## [Task data]

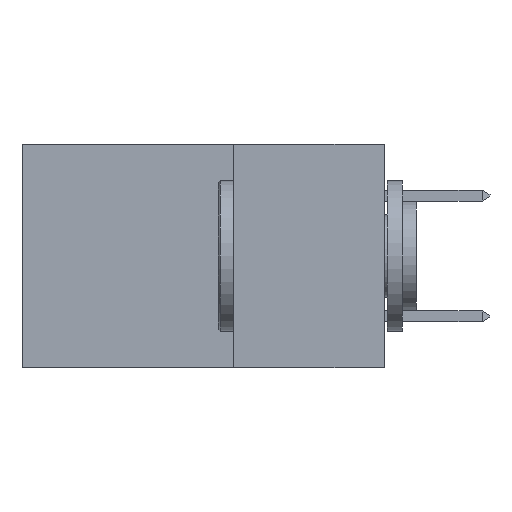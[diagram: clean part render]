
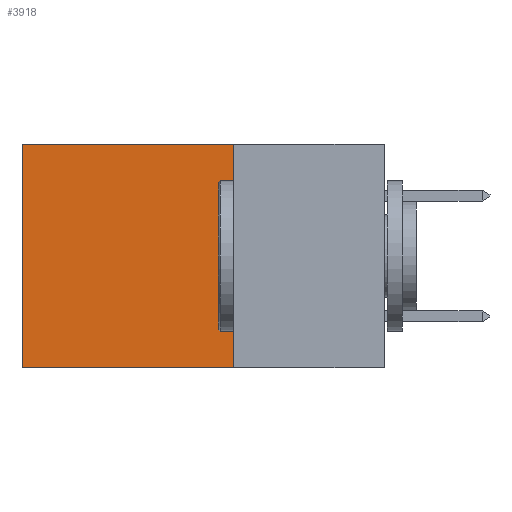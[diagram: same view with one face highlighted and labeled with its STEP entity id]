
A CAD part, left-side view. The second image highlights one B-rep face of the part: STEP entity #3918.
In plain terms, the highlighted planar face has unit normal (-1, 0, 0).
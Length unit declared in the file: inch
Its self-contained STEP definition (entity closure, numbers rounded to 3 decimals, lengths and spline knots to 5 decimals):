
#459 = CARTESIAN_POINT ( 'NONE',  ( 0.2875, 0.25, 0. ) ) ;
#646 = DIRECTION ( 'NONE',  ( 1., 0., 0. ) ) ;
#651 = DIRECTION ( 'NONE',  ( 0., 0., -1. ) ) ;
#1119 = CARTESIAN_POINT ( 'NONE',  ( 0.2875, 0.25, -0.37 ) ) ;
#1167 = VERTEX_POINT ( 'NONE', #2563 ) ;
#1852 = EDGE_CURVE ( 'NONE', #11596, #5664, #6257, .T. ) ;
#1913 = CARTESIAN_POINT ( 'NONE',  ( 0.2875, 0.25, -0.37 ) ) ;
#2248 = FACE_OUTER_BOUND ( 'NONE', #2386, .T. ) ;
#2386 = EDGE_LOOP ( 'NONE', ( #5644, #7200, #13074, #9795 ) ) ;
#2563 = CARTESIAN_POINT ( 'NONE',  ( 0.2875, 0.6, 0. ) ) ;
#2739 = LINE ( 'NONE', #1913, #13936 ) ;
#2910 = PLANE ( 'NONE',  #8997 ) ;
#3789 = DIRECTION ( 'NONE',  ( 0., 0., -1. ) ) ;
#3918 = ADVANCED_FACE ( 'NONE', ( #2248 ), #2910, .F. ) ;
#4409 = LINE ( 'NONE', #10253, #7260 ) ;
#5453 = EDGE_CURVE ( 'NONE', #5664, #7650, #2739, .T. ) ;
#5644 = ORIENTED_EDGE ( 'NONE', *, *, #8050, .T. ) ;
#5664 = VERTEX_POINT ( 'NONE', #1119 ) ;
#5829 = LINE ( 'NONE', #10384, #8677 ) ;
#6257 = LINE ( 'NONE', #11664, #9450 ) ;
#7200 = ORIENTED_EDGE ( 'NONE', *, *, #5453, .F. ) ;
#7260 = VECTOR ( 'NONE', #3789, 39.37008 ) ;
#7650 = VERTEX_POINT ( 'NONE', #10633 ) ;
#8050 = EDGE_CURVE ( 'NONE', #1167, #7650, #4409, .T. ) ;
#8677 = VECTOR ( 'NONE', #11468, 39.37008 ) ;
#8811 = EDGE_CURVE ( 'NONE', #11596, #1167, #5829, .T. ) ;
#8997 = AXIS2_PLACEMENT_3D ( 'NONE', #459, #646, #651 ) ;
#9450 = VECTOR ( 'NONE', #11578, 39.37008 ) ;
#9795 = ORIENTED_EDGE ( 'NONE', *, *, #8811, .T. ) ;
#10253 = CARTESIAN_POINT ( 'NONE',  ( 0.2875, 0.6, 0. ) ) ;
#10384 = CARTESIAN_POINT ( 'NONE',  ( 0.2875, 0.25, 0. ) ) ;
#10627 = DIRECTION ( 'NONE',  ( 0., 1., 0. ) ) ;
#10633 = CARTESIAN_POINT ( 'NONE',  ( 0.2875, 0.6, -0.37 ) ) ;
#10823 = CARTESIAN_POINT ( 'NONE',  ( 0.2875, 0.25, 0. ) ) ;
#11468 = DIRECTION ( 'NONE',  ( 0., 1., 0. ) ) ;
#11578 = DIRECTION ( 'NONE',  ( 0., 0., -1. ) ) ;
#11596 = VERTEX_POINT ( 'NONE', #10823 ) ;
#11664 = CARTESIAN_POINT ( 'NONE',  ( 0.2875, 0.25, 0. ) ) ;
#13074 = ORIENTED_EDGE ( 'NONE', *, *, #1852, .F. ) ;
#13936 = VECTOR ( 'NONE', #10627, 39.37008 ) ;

## [Exercise]
Would you please write out, exactly and with no other lines, the stretch of the listing above from the line containing "In plain terms, the" through the line containing "#1167 = VERTEX_POINT ( 'NONE', #2563 ) ;"?

## [Exercise result]
In plain terms, the highlighted planar face has unit normal (-1, 0, 0).
Length unit declared in the file: inch
Its self-contained STEP definition (entity closure, numbers rounded to 3 decimals, lengths and spline knots to 5 decimals):
#459 = CARTESIAN_POINT ( 'NONE',  ( 0.2875, 0.25, 0. ) ) ;
#646 = DIRECTION ( 'NONE',  ( 1., 0., 0. ) ) ;
#651 = DIRECTION ( 'NONE',  ( 0., 0., -1. ) ) ;
#1119 = CARTESIAN_POINT ( 'NONE',  ( 0.2875, 0.25, -0.37 ) ) ;
#1167 = VERTEX_POINT ( 'NONE', #2563 ) ;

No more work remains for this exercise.